Work required:
The line containing "#4=PRODUCT('Part','Part','',(#3));" marks the end: copy exactly every line from the start of the records below up to and including it, leaving out pictures.

═══ Data

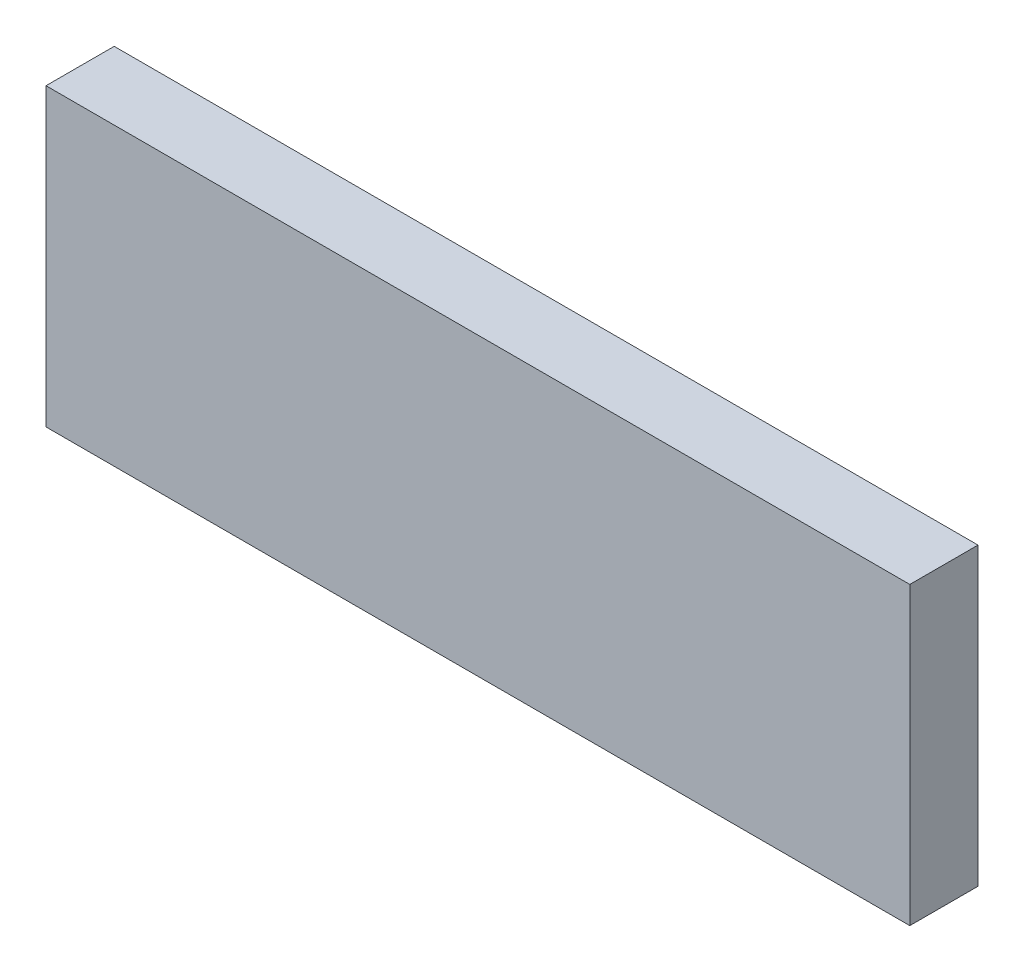
ISO-10303-21;
HEADER;
FILE_DESCRIPTION(('STEP AP214'),'2;1');
FILE_NAME('part.step','',(''),(''),'','','');
FILE_SCHEMA(('AUTOMOTIVE_DESIGN { 1 0 10303 214 1 1 1 1 }'));
ENDSEC;
DATA;
#1=APPLICATION_CONTEXT('core data for automotive mechanical design processes');
#2=APPLICATION_PROTOCOL_DEFINITION('international standard','automotive_design',2000,#1);
#3=PRODUCT_CONTEXT('',#1,'mechanical');
#4=PRODUCT('Part','Part','',(#3));
#5=PRODUCT_RELATED_PRODUCT_CATEGORY('part','',(#4));
#6=PRODUCT_DEFINITION_FORMATION('','',#4);
#7=PRODUCT_DEFINITION_CONTEXT('part definition',#1,'design');
#8=PRODUCT_DEFINITION('design','',#6,#7);
#9=PRODUCT_DEFINITION_SHAPE('','',#8);
#10=(LENGTH_UNIT() NAMED_UNIT(*) SI_UNIT(.MILLI.,.METRE.));
#11=(NAMED_UNIT(*) PLANE_ANGLE_UNIT() SI_UNIT($,.RADIAN.));
#12=(NAMED_UNIT(*) SI_UNIT($,.STERADIAN.) SOLID_ANGLE_UNIT());
#13=UNCERTAINTY_MEASURE_WITH_UNIT(LENGTH_MEASURE(1.E-05),#10,'distance_accuracy_value','');
#14=(GEOMETRIC_REPRESENTATION_CONTEXT(3) GLOBAL_UNCERTAINTY_ASSIGNED_CONTEXT((#13)) GLOBAL_UNIT_ASSIGNED_CONTEXT((#10,
#11,#12)) REPRESENTATION_CONTEXT('',''));
#15=CARTESIAN_POINT('',(0.,0.,0.));
#16=DIRECTION('',(0.,0.,1.));
#17=DIRECTION('',(1.,0.,0.));
#18=AXIS2_PLACEMENT_3D('',#15,#16,#17);
#19=CARTESIAN_POINT('',(-63.2282478866387,32.348980113118,3.));
#20=DIRECTION('',(1.,0.,0.));
#21=DIRECTION('',(0.,1.,0.));
#22=AXIS2_PLACEMENT_3D('',#19,#20,#21);
#23=PLANE('',#22);
#24=DIRECTION('',(0.,-1.,0.));
#25=VECTOR('',#24,1.);
#26=CARTESIAN_POINT('',(-63.2282478866387,32.348980113118,0.));
#27=LINE('',#26,#25);
#28=CARTESIAN_POINT('',(-63.2282478866387,32.348980113118,0.));
#29=VERTEX_POINT('',#28);
#30=CARTESIAN_POINT('',(-63.2282478866387,19.348980113118,0.));
#31=VERTEX_POINT('',#30);
#32=EDGE_CURVE('E98',#29,#31,#27,.T.);
#33=ORIENTED_EDGE('',*,*,#32,.T.);
#34=DIRECTION('',(0.,0.,-1.));
#35=VECTOR('',#34,1.);
#36=CARTESIAN_POINT('',(-63.2282478866387,19.348980113118,3.));
#37=LINE('',#36,#35);
#38=CARTESIAN_POINT('',(-63.2282478866387,19.348980113118,3.));
#39=VERTEX_POINT('',#38);
#40=EDGE_CURVE('E11',#39,#31,#37,.T.);
#41=ORIENTED_EDGE('',*,*,#40,.F.);
#42=DIRECTION('',(0.,-1.,0.));
#43=VECTOR('',#42,1.);
#44=CARTESIAN_POINT('',(-63.2282478866387,32.348980113118,3.));
#45=LINE('',#44,#43);
#46=CARTESIAN_POINT('',(-63.2282478866387,32.348980113118,3.));
#47=VERTEX_POINT('',#46);
#48=EDGE_CURVE('E86',#47,#39,#45,.T.);
#49=ORIENTED_EDGE('',*,*,#48,.F.);
#50=DIRECTION('',(0.,0.,-1.));
#51=VECTOR('',#50,1.);
#52=CARTESIAN_POINT('',(-63.2282478866387,32.348980113118,3.));
#53=LINE('',#52,#51);
#54=EDGE_CURVE('E94',#47,#29,#53,.T.);
#55=ORIENTED_EDGE('',*,*,#54,.T.);
#56=EDGE_LOOP('',(#33,#41,#49,#55));
#57=FACE_BOUND('',#56,.T.);
#58=ADVANCED_FACE('F35',(#57),#23,.F.);
#59=CARTESIAN_POINT('',(-63.2282478866387,19.348980113118,3.));
#60=DIRECTION('',(0.,1.,0.));
#61=DIRECTION('',(0.,0.,1.));
#62=AXIS2_PLACEMENT_3D('',#59,#60,#61);
#63=PLANE('',#62);
#64=DIRECTION('',(1.,0.,0.));
#65=VECTOR('',#64,1.);
#66=CARTESIAN_POINT('',(-63.2282478866387,19.348980113118,0.));
#67=LINE('',#66,#65);
#68=CARTESIAN_POINT('',(-25.2282478866387,19.348980113118,0.));
#69=VERTEX_POINT('',#68);
#70=EDGE_CURVE('E90',#31,#69,#67,.T.);
#71=ORIENTED_EDGE('',*,*,#70,.T.);
#72=DIRECTION('',(0.,0.,-1.));
#73=VECTOR('',#72,1.);
#74=CARTESIAN_POINT('',(-25.2282478866387,19.348980113118,3.));
#75=LINE('',#74,#73);
#76=CARTESIAN_POINT('',(-25.2282478866387,19.348980113118,3.));
#77=VERTEX_POINT('',#76);
#78=EDGE_CURVE('E43',#77,#69,#75,.T.);
#79=ORIENTED_EDGE('',*,*,#78,.F.);
#80=DIRECTION('',(1.,0.,0.));
#81=VECTOR('',#80,1.);
#82=CARTESIAN_POINT('',(-63.2282478866387,19.348980113118,3.));
#83=LINE('',#82,#81);
#84=EDGE_CURVE('E81',#39,#77,#83,.T.);
#85=ORIENTED_EDGE('',*,*,#84,.F.);
#86=ORIENTED_EDGE('',*,*,#40,.T.);
#87=EDGE_LOOP('',(#71,#79,#85,#86));
#88=FACE_BOUND('',#87,.T.);
#89=ADVANCED_FACE('F89',(#88),#63,.F.);
#90=CARTESIAN_POINT('',(-25.2282478866387,32.348980113118,3.));
#91=DIRECTION('',(-1.,0.,0.));
#92=DIRECTION('',(0.,-1.,0.));
#93=AXIS2_PLACEMENT_3D('',#90,#91,#92);
#94=PLANE('',#93);
#95=DIRECTION('',(0.,1.,0.));
#96=VECTOR('',#95,1.);
#97=CARTESIAN_POINT('',(-25.2282478866387,32.348980113118,0.));
#98=LINE('',#97,#96);
#99=CARTESIAN_POINT('',(-25.2282478866387,32.348980113118,0.));
#100=VERTEX_POINT('',#99);
#101=EDGE_CURVE('E68',#69,#100,#98,.T.);
#102=ORIENTED_EDGE('',*,*,#101,.T.);
#103=DIRECTION('',(0.,0.,-1.));
#104=VECTOR('',#103,1.);
#105=CARTESIAN_POINT('',(-25.2282478866387,32.348980113118,3.));
#106=LINE('',#105,#104);
#107=CARTESIAN_POINT('',(-25.2282478866387,32.348980113118,3.));
#108=VERTEX_POINT('',#107);
#109=EDGE_CURVE('E91',#108,#100,#106,.T.);
#110=ORIENTED_EDGE('',*,*,#109,.F.);
#111=DIRECTION('',(0.,1.,0.));
#112=VECTOR('',#111,1.);
#113=CARTESIAN_POINT('',(-25.2282478866387,32.348980113118,3.));
#114=LINE('',#113,#112);
#115=EDGE_CURVE('E84',#77,#108,#114,.T.);
#116=ORIENTED_EDGE('',*,*,#115,.F.);
#117=ORIENTED_EDGE('',*,*,#78,.T.);
#118=EDGE_LOOP('',(#102,#110,#116,#117));
#119=FACE_BOUND('',#118,.T.);
#120=ADVANCED_FACE('F92',(#119),#94,.F.);
#121=CARTESIAN_POINT('',(-63.2282478866387,32.348980113118,3.));
#122=DIRECTION('',(0.,-1.,0.));
#123=DIRECTION('',(0.,0.,-1.));
#124=AXIS2_PLACEMENT_3D('',#121,#122,#123);
#125=PLANE('',#124);
#126=DIRECTION('',(-1.,0.,0.));
#127=VECTOR('',#126,1.);
#128=CARTESIAN_POINT('',(-63.2282478866387,32.348980113118,0.));
#129=LINE('',#128,#127);
#130=EDGE_CURVE('E74',#100,#29,#129,.T.);
#131=ORIENTED_EDGE('',*,*,#130,.T.);
#132=ORIENTED_EDGE('',*,*,#54,.F.);
#133=DIRECTION('',(-1.,0.,0.));
#134=VECTOR('',#133,1.);
#135=CARTESIAN_POINT('',(-63.2282478866387,32.348980113118,3.));
#136=LINE('',#135,#134);
#137=EDGE_CURVE('E51',#108,#47,#136,.T.);
#138=ORIENTED_EDGE('',*,*,#137,.F.);
#139=ORIENTED_EDGE('',*,*,#109,.T.);
#140=EDGE_LOOP('',(#131,#132,#138,#139));
#141=FACE_BOUND('',#140,.T.);
#142=ADVANCED_FACE('F105',(#141),#125,.F.);
#143=CARTESIAN_POINT('',(0.,0.,3.));
#144=DIRECTION('',(0.,0.,1.));
#145=DIRECTION('',(1.,0.,0.));
#146=AXIS2_PLACEMENT_3D('',#143,#144,#145);
#147=PLANE('',#146);
#148=ORIENTED_EDGE('',*,*,#48,.T.);
#149=ORIENTED_EDGE('',*,*,#84,.T.);
#150=ORIENTED_EDGE('',*,*,#115,.T.);
#151=ORIENTED_EDGE('',*,*,#137,.T.);
#152=EDGE_LOOP('',(#148,#149,#150,#151));
#153=FACE_BOUND('',#152,.T.);
#154=ADVANCED_FACE('F82',(#153),#147,.T.);
#155=CARTESIAN_POINT('',(0.,0.,0.));
#156=DIRECTION('',(0.,0.,1.));
#157=DIRECTION('',(1.,0.,0.));
#158=AXIS2_PLACEMENT_3D('',#155,#156,#157);
#159=PLANE('',#158);
#160=ORIENTED_EDGE('',*,*,#32,.F.);
#161=ORIENTED_EDGE('',*,*,#130,.F.);
#162=ORIENTED_EDGE('',*,*,#101,.F.);
#163=ORIENTED_EDGE('',*,*,#70,.F.);
#164=EDGE_LOOP('',(#160,#161,#162,#163));
#165=FACE_BOUND('',#164,.T.);
#166=ADVANCED_FACE('F108',(#165),#159,.F.);
#167=CLOSED_SHELL('',(#58,#89,#120,#142,#154,#166));
#168=MANIFOLD_SOLID_BREP('B2',#167);
#169=ADVANCED_BREP_SHAPE_REPRESENTATION('',(#18,#168),#14);
#170=SHAPE_DEFINITION_REPRESENTATION(#9,#169);
ENDSEC;
END-ISO-10303-21;

══════

Exercise response:
ISO-10303-21;
HEADER;
FILE_DESCRIPTION(('STEP AP214'),'2;1');
FILE_NAME('part.step','',(''),(''),'','','');
FILE_SCHEMA(('AUTOMOTIVE_DESIGN { 1 0 10303 214 1 1 1 1 }'));
ENDSEC;
DATA;
#1=APPLICATION_CONTEXT('core data for automotive mechanical design processes');
#2=APPLICATION_PROTOCOL_DEFINITION('international standard','automotive_design',2000,#1);
#3=PRODUCT_CONTEXT('',#1,'mechanical');
#4=PRODUCT('Part','Part','',(#3));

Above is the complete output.